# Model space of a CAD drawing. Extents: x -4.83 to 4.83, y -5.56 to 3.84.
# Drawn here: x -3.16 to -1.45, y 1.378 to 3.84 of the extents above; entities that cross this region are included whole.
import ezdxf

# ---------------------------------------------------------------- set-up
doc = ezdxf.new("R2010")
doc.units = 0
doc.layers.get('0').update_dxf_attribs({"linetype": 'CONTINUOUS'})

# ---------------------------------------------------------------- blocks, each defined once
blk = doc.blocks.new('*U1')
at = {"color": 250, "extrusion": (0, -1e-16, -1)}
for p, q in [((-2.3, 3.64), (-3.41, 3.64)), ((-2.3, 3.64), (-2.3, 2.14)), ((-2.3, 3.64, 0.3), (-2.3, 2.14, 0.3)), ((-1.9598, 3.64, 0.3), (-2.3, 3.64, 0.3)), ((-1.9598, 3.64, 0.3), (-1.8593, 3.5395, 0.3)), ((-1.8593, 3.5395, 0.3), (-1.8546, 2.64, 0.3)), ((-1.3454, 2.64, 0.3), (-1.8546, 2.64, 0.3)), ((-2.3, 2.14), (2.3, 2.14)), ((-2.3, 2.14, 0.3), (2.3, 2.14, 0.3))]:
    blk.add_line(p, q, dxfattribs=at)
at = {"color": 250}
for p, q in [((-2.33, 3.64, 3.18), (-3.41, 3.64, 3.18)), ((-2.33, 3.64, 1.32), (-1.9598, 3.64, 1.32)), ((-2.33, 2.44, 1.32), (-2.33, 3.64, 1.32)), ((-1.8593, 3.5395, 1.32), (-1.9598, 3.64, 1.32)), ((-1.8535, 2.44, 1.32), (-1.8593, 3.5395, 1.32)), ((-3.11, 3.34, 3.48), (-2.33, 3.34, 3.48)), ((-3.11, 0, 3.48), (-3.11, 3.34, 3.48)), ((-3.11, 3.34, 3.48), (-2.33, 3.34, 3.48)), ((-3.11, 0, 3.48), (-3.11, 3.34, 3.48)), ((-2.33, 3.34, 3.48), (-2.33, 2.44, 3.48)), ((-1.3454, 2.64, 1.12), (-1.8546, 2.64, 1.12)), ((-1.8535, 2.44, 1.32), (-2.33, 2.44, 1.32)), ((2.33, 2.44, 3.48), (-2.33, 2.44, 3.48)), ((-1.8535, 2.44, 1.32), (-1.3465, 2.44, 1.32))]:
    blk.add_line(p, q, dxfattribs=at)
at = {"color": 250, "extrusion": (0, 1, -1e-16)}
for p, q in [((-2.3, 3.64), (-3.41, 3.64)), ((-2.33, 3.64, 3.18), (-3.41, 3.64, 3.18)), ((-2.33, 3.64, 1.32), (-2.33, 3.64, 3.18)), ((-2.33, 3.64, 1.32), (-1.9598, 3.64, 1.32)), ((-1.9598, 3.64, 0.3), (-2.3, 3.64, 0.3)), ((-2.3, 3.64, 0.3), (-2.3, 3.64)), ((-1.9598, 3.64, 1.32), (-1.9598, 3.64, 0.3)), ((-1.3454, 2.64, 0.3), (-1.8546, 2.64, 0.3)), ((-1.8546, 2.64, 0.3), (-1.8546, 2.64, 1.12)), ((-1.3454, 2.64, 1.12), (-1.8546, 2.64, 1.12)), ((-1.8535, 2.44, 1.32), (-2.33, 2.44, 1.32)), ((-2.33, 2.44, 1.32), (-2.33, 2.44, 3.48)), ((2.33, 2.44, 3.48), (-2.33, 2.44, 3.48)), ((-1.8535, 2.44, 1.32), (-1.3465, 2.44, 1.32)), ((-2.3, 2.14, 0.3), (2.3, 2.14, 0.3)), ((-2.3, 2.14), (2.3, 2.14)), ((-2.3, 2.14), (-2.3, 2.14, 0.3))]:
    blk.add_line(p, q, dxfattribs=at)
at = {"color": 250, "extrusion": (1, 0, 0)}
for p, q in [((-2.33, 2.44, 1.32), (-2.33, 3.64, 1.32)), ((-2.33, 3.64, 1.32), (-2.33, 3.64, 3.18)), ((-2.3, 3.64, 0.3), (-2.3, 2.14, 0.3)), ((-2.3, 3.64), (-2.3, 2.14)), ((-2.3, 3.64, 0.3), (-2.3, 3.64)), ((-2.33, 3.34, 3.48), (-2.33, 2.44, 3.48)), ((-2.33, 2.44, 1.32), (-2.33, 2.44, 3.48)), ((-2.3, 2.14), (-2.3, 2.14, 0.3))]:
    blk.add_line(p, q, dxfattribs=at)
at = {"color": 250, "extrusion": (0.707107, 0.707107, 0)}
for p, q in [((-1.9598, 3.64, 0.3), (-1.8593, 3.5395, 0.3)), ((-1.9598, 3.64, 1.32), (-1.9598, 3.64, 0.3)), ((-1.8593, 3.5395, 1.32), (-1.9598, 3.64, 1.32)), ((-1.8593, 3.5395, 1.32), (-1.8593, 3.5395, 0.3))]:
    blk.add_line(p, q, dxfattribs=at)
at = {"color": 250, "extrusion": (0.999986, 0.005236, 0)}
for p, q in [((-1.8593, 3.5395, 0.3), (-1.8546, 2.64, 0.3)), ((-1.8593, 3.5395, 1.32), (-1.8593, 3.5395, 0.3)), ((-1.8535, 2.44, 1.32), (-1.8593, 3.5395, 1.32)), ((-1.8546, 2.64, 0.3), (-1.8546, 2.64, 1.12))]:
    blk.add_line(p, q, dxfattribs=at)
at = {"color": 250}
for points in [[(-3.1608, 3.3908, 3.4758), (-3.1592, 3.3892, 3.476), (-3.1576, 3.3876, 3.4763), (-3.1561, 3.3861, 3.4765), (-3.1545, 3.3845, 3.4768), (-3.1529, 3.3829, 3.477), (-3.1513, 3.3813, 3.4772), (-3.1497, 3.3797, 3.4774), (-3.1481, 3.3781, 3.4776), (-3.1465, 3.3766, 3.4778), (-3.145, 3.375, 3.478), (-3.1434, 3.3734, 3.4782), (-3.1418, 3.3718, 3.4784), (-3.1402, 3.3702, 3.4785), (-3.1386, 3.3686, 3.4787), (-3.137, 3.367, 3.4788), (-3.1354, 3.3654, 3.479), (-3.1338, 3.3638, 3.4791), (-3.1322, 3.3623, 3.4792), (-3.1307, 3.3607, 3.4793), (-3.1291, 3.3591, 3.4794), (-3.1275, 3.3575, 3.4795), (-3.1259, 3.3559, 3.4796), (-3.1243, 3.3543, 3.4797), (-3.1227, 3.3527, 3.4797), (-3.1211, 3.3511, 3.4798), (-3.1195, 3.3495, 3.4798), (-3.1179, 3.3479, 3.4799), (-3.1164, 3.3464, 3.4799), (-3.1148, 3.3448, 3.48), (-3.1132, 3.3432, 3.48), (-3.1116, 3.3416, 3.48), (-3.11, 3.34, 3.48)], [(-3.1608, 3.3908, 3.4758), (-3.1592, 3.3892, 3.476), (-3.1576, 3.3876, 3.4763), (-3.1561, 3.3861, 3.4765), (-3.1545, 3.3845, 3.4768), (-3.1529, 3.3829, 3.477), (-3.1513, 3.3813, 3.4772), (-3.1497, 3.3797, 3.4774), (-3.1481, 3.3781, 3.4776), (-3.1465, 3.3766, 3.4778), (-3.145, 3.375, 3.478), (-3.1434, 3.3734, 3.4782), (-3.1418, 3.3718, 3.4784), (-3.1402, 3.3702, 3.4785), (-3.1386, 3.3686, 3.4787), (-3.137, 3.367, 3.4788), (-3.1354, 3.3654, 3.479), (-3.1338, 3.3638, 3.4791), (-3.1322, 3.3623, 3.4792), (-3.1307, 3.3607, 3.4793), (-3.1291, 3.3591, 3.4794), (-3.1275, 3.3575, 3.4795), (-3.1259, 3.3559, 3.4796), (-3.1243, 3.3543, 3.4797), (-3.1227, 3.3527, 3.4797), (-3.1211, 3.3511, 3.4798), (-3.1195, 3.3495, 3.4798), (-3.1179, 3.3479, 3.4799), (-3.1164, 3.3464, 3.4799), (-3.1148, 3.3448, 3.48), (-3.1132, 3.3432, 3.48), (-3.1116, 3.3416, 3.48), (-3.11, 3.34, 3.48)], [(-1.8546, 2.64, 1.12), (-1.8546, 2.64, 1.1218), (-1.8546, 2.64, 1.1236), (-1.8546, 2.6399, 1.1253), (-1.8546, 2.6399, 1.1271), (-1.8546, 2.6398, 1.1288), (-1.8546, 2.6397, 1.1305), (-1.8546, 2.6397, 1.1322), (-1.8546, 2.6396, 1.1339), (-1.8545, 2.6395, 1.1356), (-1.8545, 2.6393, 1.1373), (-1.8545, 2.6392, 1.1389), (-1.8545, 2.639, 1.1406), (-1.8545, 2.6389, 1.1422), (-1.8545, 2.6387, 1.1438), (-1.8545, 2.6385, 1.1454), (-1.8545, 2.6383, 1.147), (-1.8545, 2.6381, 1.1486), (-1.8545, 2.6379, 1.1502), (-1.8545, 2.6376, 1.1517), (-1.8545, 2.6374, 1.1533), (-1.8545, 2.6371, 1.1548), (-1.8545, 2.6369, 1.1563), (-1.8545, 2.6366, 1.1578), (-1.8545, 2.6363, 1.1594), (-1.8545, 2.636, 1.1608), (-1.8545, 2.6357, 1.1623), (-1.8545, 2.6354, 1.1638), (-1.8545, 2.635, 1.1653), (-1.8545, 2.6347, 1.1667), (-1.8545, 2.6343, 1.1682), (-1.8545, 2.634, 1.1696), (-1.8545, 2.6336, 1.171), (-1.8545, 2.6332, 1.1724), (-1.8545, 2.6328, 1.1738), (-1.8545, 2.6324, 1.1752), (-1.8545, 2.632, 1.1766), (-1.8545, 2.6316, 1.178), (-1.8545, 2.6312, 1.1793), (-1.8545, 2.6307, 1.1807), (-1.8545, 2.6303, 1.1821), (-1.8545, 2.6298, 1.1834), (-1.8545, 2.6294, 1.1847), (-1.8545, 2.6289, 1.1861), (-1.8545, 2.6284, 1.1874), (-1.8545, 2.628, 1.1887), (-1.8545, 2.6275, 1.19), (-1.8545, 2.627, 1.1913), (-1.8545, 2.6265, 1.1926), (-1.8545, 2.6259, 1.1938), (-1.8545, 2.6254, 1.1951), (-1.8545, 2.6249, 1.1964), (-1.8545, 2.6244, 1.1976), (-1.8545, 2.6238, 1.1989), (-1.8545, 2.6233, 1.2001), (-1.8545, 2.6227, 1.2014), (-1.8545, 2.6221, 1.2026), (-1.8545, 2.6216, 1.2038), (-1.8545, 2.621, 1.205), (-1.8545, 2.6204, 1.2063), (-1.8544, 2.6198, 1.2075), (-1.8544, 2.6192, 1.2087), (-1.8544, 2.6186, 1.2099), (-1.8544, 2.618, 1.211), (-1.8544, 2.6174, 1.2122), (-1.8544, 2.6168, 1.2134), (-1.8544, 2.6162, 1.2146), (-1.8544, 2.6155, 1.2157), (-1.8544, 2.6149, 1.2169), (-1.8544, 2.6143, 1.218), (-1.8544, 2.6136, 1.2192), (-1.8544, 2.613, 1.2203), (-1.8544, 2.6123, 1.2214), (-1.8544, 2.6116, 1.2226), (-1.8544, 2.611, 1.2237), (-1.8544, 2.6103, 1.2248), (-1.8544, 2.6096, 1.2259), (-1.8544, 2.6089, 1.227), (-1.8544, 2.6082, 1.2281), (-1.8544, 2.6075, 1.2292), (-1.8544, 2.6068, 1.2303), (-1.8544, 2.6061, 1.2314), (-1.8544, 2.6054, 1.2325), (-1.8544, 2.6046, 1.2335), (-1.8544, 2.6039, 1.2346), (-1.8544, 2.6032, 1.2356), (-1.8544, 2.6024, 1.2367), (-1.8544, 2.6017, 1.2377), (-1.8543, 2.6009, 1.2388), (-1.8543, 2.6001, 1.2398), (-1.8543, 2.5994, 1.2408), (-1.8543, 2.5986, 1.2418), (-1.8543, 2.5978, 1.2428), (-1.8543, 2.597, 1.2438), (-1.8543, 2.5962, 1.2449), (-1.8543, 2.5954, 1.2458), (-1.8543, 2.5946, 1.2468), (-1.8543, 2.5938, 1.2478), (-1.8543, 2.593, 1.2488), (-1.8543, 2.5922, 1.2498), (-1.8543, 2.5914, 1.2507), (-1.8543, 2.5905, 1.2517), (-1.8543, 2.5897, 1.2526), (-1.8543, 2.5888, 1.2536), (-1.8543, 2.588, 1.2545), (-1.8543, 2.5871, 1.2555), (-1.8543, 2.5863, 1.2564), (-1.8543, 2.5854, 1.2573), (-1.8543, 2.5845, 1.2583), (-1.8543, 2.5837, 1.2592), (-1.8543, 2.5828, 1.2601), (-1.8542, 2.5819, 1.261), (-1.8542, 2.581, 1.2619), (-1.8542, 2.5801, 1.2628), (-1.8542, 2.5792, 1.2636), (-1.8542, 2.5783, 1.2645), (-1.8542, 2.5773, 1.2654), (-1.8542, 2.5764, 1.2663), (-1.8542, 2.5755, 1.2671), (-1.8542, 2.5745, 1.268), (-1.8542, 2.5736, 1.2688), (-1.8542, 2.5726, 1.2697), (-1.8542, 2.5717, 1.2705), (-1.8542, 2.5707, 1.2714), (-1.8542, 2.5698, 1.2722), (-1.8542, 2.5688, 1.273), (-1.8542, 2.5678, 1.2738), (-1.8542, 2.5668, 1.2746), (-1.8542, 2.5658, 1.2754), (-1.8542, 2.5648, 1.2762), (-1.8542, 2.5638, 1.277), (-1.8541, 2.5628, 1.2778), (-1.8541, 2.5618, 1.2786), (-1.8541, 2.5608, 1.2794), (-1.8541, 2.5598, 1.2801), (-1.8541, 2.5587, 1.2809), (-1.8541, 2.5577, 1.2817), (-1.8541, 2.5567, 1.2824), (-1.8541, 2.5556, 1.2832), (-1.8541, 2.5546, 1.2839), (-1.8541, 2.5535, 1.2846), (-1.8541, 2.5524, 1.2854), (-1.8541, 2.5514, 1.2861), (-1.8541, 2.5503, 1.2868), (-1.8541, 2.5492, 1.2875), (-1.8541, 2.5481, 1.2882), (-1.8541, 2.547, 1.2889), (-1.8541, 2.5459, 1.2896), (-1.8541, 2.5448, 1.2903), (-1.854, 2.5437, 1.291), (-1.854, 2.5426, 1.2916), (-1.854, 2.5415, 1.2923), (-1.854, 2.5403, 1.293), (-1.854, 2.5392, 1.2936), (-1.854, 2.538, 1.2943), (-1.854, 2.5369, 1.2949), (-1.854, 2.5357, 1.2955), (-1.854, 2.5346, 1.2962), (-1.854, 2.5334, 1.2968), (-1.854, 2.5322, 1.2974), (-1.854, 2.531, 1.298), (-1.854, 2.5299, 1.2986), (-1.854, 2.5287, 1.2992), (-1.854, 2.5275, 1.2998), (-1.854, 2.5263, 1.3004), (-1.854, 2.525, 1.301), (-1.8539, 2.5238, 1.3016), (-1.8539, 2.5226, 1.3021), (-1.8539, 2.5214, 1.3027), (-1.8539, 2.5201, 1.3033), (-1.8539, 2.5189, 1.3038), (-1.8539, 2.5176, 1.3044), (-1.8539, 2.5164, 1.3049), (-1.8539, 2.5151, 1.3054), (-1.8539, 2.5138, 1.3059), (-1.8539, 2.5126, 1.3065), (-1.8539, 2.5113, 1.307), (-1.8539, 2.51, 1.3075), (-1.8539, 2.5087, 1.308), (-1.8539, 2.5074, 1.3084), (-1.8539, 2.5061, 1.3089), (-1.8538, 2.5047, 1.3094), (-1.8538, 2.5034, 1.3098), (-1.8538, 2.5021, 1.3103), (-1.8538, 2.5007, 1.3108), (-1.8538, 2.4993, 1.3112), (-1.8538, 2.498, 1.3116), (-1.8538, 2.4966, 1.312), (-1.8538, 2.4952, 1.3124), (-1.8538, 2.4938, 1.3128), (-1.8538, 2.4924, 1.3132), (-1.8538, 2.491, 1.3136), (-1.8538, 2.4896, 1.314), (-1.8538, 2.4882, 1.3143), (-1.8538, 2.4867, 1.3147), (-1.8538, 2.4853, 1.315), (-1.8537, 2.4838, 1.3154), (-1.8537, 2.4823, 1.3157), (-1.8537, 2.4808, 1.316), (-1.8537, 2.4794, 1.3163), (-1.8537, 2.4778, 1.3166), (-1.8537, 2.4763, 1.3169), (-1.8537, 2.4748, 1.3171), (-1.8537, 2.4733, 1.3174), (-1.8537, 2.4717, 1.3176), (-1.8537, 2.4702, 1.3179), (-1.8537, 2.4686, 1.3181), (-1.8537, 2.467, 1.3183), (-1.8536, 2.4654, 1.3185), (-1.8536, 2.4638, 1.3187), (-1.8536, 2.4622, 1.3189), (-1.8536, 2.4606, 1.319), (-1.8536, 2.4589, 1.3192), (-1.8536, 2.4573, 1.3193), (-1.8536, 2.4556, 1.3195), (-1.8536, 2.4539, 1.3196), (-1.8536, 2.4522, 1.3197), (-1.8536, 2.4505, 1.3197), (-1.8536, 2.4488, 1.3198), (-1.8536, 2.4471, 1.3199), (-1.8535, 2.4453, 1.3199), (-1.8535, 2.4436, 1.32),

== Work required ==
Copy each line in the entries above where "extrusion" turns up.

== Response ==
at = {"color": 250, "extrusion": (0, -1e-16, -1)}
at = {"color": 250, "extrusion": (0, 1, -1e-16)}
at = {"color": 250, "extrusion": (1, 0, 0)}
at = {"color": 250, "extrusion": (0.707107, 0.707107, 0)}
at = {"color": 250, "extrusion": (0.999986, 0.005236, 0)}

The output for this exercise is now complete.